Jehanne de Champvallon glisse ainsi sous la carapace des illusions tout en s’y abritant au besoin. D’où l’étrangeté de romans qu’il s’agirait de lire à deux pour tirer le fil du langage vers l’éclat du gémir au-delà du voile des paroles. De telles fictions forcent – que l’on soit romantique ou non – à mettre nos empreintes dans celles de personnages plus ou moins « indécents » (mais le mot est trop fort). Surgissent des prémices qui nous dégagent du rôle que fait jouer la société d’aujourd’hui ou de demain au profit d’une indécence.

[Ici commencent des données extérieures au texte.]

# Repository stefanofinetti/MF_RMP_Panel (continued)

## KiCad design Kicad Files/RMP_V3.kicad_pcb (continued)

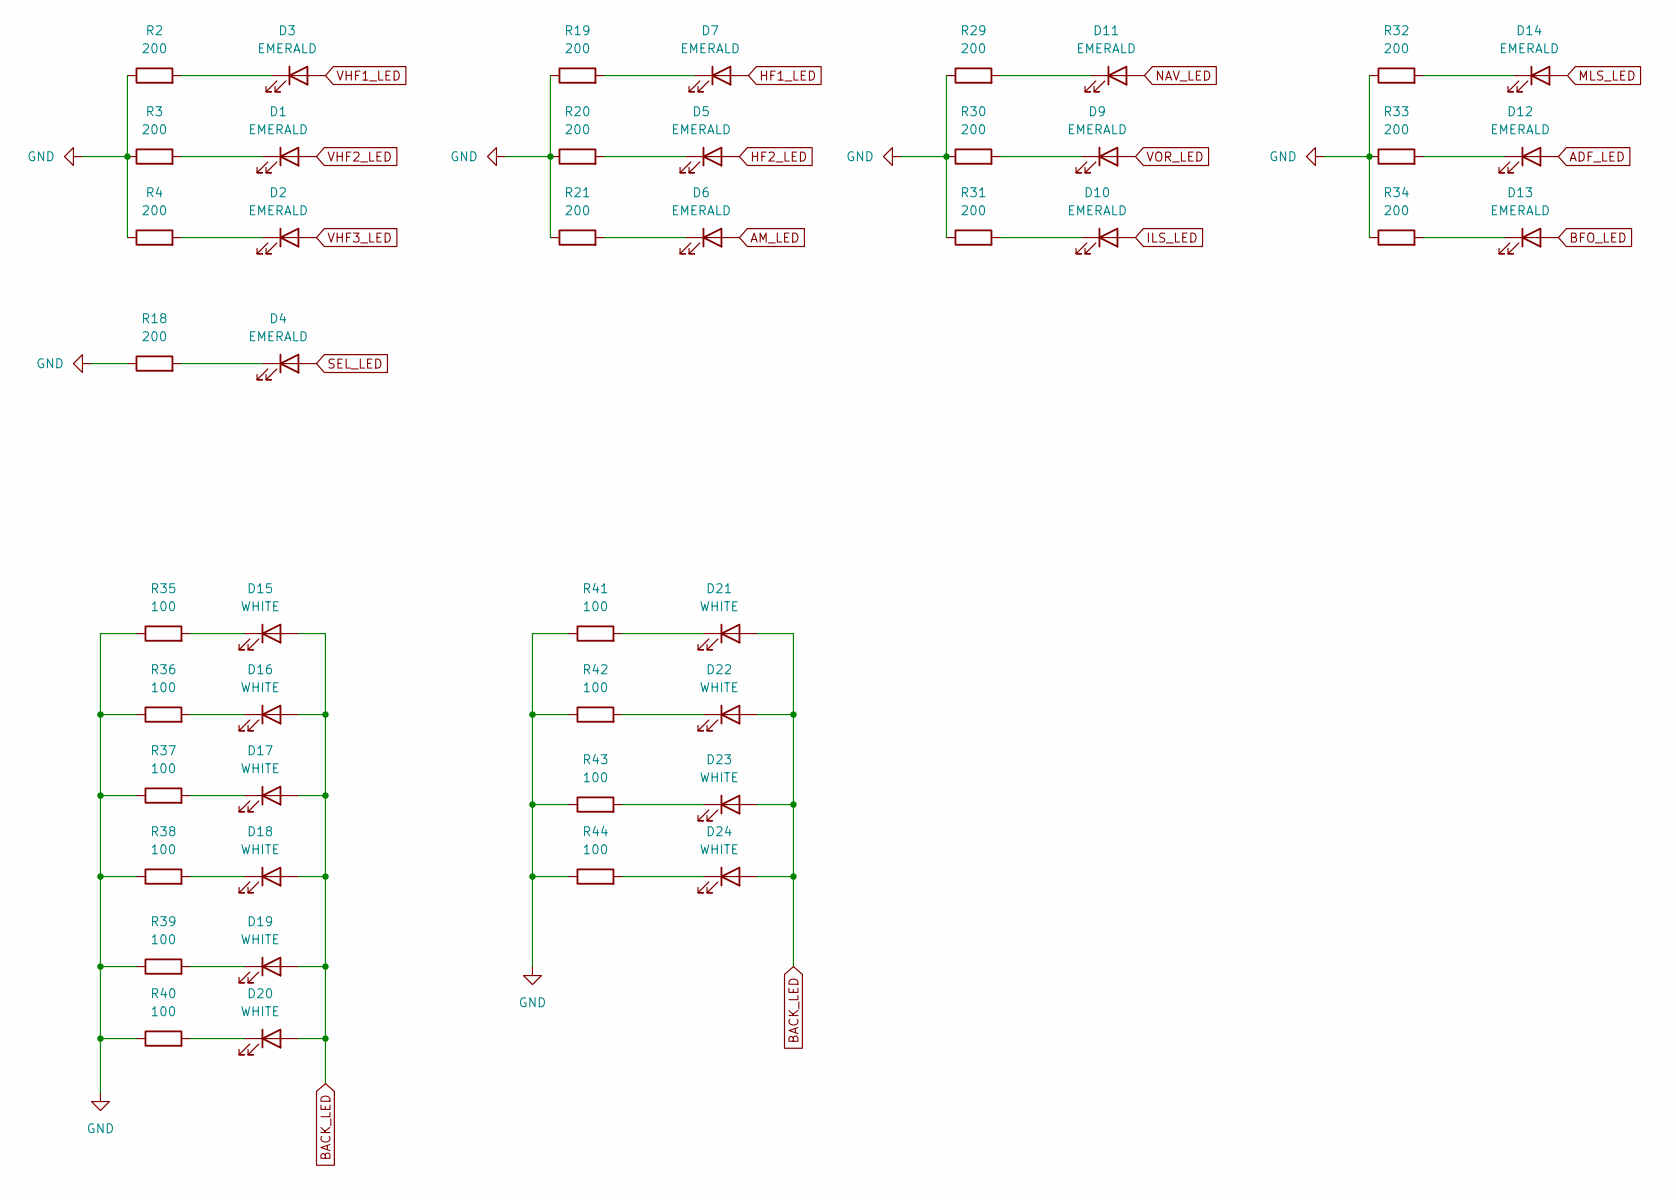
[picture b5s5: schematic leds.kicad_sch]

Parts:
D1, D2, D3, D4, D5, D6, D7, D9, D10, D11, D12, D13, D14: EMERALD; LED_D3.0mm_FlatTop
D15, D16, D17, D18, D19, D20, D21, D22, D23, D24: WHITE; LED_1206_3216Metric_Pad1.42x1.75mm_HandSolder
R2, R3, R4, R18, R19, R20, R21, R29, R30, R31, R32, R33, R34: 200; R_1206_3216Metric_Pad1.30x1.75mm_HandSolder
R35, R36, R37, R38, R39, R40, R41, R42, R43, R44: 100; R_1206_3216Metric_Pad1.30x1.75mm_HandSolder

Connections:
ADF_LED: D12.2 (A); also elsewhere on the board
AM_LED: D6.2 (A); also elsewhere on the board
BACK_LED: D15.2 (A), D16.2 (A), D17.2 (A), D18.2 (A), D19.2 (A), D20.2 (A), D21.2 (A), D22.2 (A), D23.2 (A), D24.2 (A); also elsewhere on the board
BFO_LED: D13.2 (A); also elsewhere on the board
GND: R2.1, R3.1, R4.1, R18.1, R19.1, R20.1, R21.1, R29.1, R30.1, R31.1, R32.1, R33.1, R34.1, R35.1, R36.1, R37.1, R38.1, R39.1, R40.1, R41.1, R42.1, R43.1, R44.1; also elsewhere on the board
HF1_LED: D7.2 (A); also elsewhere on the board
HF2_LED: D5.2 (A); also elsewhere on the board
ILS_LED: D10.2 (A); also elsewhere on the board
MLS_LED: D14.2 (A); also elsewhere on the board
NAV_LED: D11.2 (A); also elsewhere on the board
unnamed: D1.1 (K), R3.2
unnamed: D2.1 (K), R4.2
unnamed: D3.1 (K), R2.2
unnamed: D4.1 (K), R18.2
unnamed: D5.1 (K), R20.2
unnamed: D6.1 (K), R21.2
unnamed: D7.1 (K), R19.2
unnamed: D9.1 (K), R30.2
unnamed: D10.1 (K), R31.2
unnamed: D11.1 (K), R29.2
unnamed: D12.1 (K), R33.2
unnamed: D13.1 (K), R34.2
unnamed: D14.1 (K), R32.2
unnamed: D15.1 (K), R35.2
unnamed: D16.1 (K), R36.2
unnamed: D17.1 (K), R37.2
unnamed: D18.1 (K), R38.2
unnamed: D19.1 (K), R39.2
unnamed: D20.1 (K), R40.2
unnamed: D21.1 (K), R41.2
unnamed: D22.1 (K), R42.2
unnamed: D23.1 (K), R43.2
unnamed: D24.1 (K), R44.2
SEL_LED: D4.2 (A); also elsewhere on the board
VHF1_LED: D3.2 (A); also elsewhere on the board
VHF2_LED: D1.2 (A); also elsewhere on the board
VHF3_LED: D2.2 (A); also elsewhere on the board
VOR_LED: D9.2 (A); also elsewhere on the board

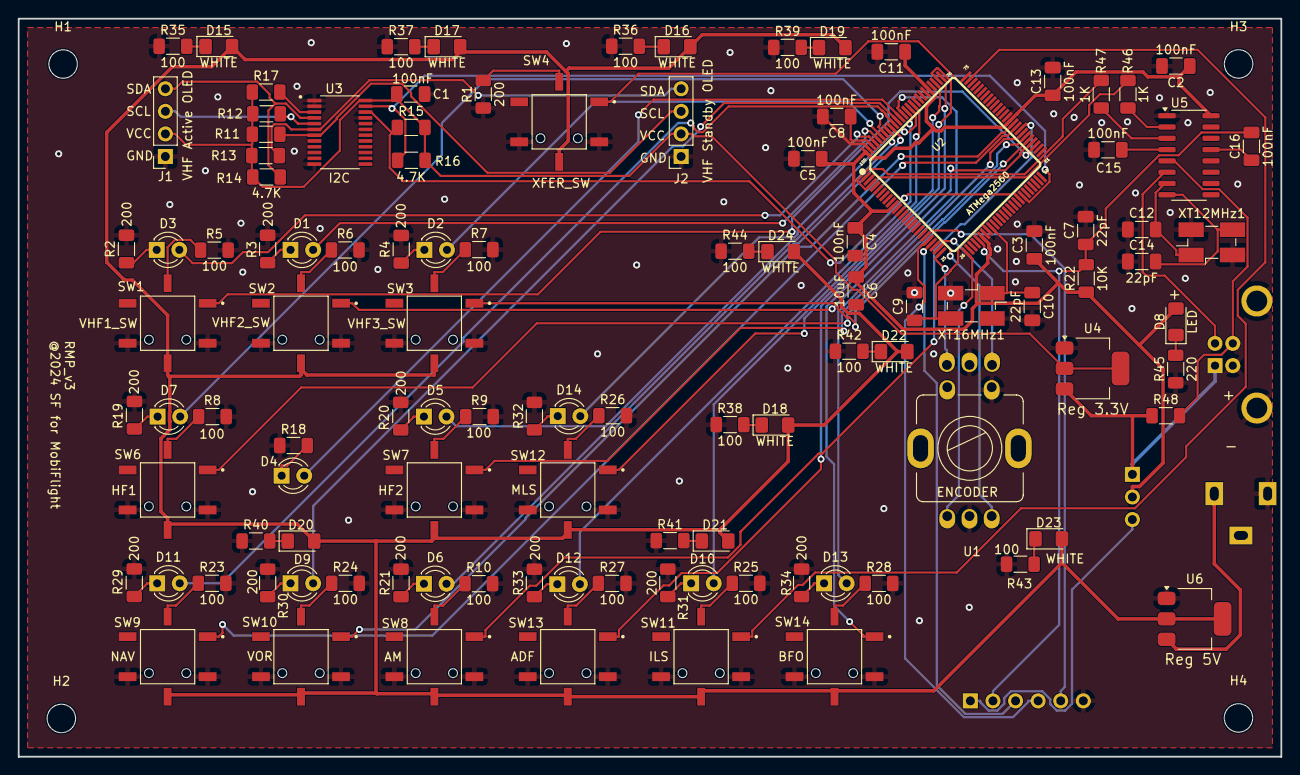
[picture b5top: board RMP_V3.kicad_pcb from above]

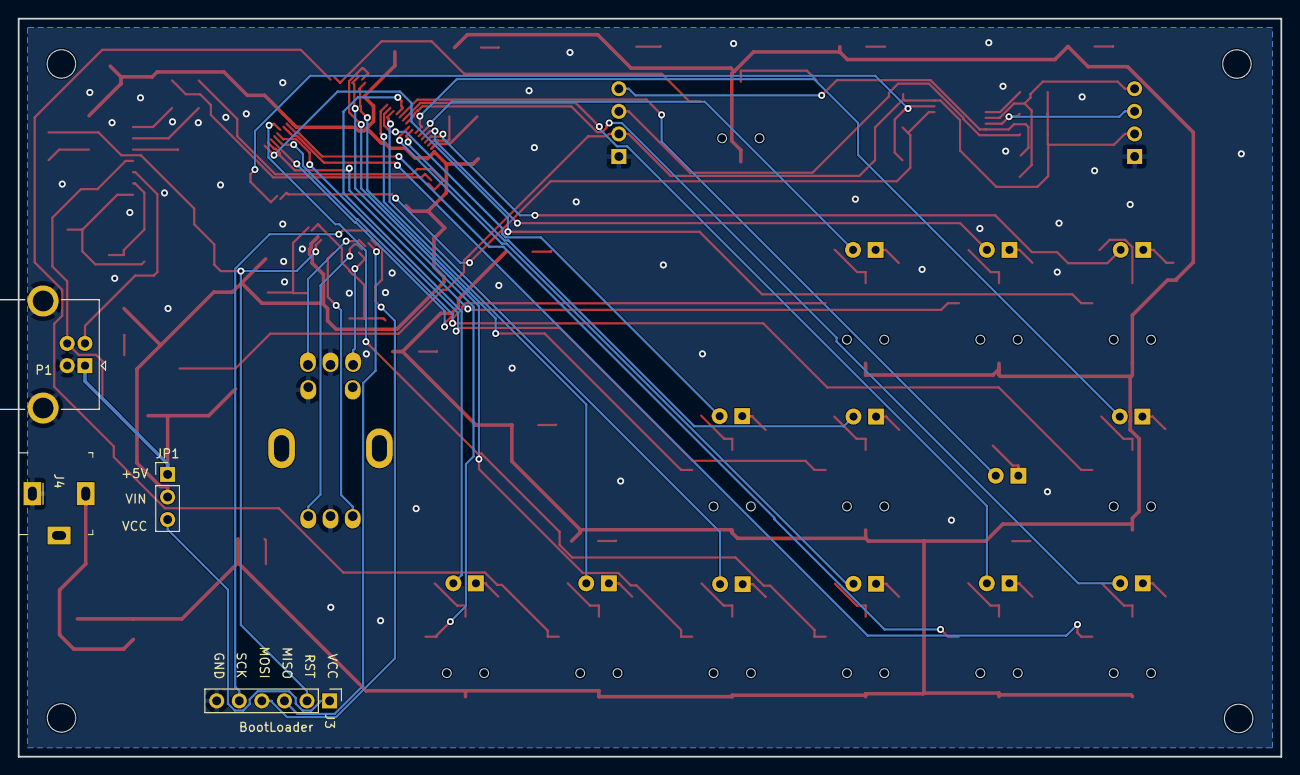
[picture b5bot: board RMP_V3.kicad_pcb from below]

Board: 2 copper layers, 142.0 x 83.0 mm, 119 parts (4 on the bottom side), 98 nets.

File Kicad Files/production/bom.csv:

Designator,Footprint,Quantity,Value,LCSC Part #
"C1, C11, C13, C15, C16, C2, C3, C4, C5, C8",1206,10,100nF,
"C10, C12, C14, C7, C9",1206,5,22pF,
C6,1206,1,10uF,
"D1, D10, D11, D12, D13, D14, D2, D3, D4, D5, D6, D7, D9",LED_D3.0mm_FlatTop,13,EMERALD,
"D15, D16, D17, D18, D19, D20, D21, D22, D23, D24",1206,10,WHITE,
D8,1206,1,LED,
J1,PinSocket_1x04_P2.54mm_Vertical,1,VHF Active OLED,
J2,PinSocket_1x04_P2.54mm_Vertical,1,VHF Standby OLED,
J3,PinHeader_1x06_P2.54mm_Vertical,1,BootLoader,
J4,Barrel_Jack_5.5mmODx2.1mmID_PJ-102A,1,PJ-102A,PJ-102A
JP1,PinHeader_1x03_P2.54mm_Vertical,1,Power Selector,
P1,USB_B_OST_USB-B1HSxx_Horizontal,1,USB_C_Plug_USB2.0,
"R1, R18, R19, R2, R20, R21, R29, R3, R30, R31, R32, R33, R34, R4",1206,14,200,
"R10, R23, R24, R25, R26, R27, R28, R35, R36, R37, R38, R39, R40, R41, R42, R43, R44, R5, R6, R7, R8, R9",1206,22,100,
"R11, R12, R13, R14, R15, R16",1206,6,4.7K,
"R17, R22",1206,2,10K,
R45,1206,1,220,
"R46, R47",1206,2,1K,
R48,1206,1,1.5K,
SW1,SW_TL3240F260R,1,VHF1_SW,C4364809
SW10,SW_TL3240F260R,1,VOR,C4364985
SW11,SW_TL3240F260R,1,ILS,C4364985
SW12,SW_TL3240F260R,1,MLS,C4364985
SW13,SW_TL3240F260R,1,ADF,C4364985
SW14,SW_TL3240F260R,1,BFO,C4364985
SW2,SW_TL3240F260R,1,VHF2_SW,C4364809
SW3,SW_TL3240F260R,1,VHF3_SW,C4364809
SW4,SW_TL3240F260R,1,XFER_SW,C4364985
SW6,SW_TL3240F260R,1,HF1,C4364809
SW7,SW_TL3240F260R,1,HF2,C4364809
SW8,SW_TL3240F260R,1,AM,C4364809
SW9,SW_TL3240F260R,1,NAV,C4364985
U1,EC11EBB24C03,1,ENCODER,
U2,TQFP100-0.5-14X14MM,1,ATMega2560,
U3,SOP65P640X120-24N,1,PCA9548APW,
U4,SOT-223-3_TabPin2,1,AMS1117-3.3,
U5,SOIC-16_3.9x9.9mm_P1.27mm,1,CH340G,
U6,SOT-223-3_TabPin2,1,AMS1117-5.0,
XT12MHZ1,Crystal_SMD_EuroQuartz_MJ-4Pin_5.0x3.2mm_HandSoldering,1,12MHz,
XT16MHZ1,Crystal_SMD_EuroQuartz_MJ-4Pin_5.0x3.2mm_HandSoldering,1,16MHz,

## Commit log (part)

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2024-12-17 First Commit of the RMP Project
2024-12-17 Commit of LICENSE and README in the RMP Project
2025-03-08 Various updates and fixes

Ce qui porte à une sorte d’étouffement heureux provoqué par une héroïne de la romancière. Celle-là semble soudain soumises aux remugles de scènes primitives à retrouver. L’auteure la délivre des rôles admis pour qu’elle se sente libre de s’affirmer au service d’aucune attente si ce n’est la sienne. Elle ose par la même un sentiment qui dépasse les manèges amoureux. Et quoique sous influence, elle reste l’oiseau qui s’envole au devant du fruit pour rester confusément mais sans cesse renaissante. C’est une manière de réenchanter la solitude et partager quelques gouttes de rosée dans des Metropolis que Jehanne de Champvallon fait arpenter.
jean-paul gavard-perret
Jehanne de Champvallon, X (1), X (2), Les presses du midi, 2015, Toulon.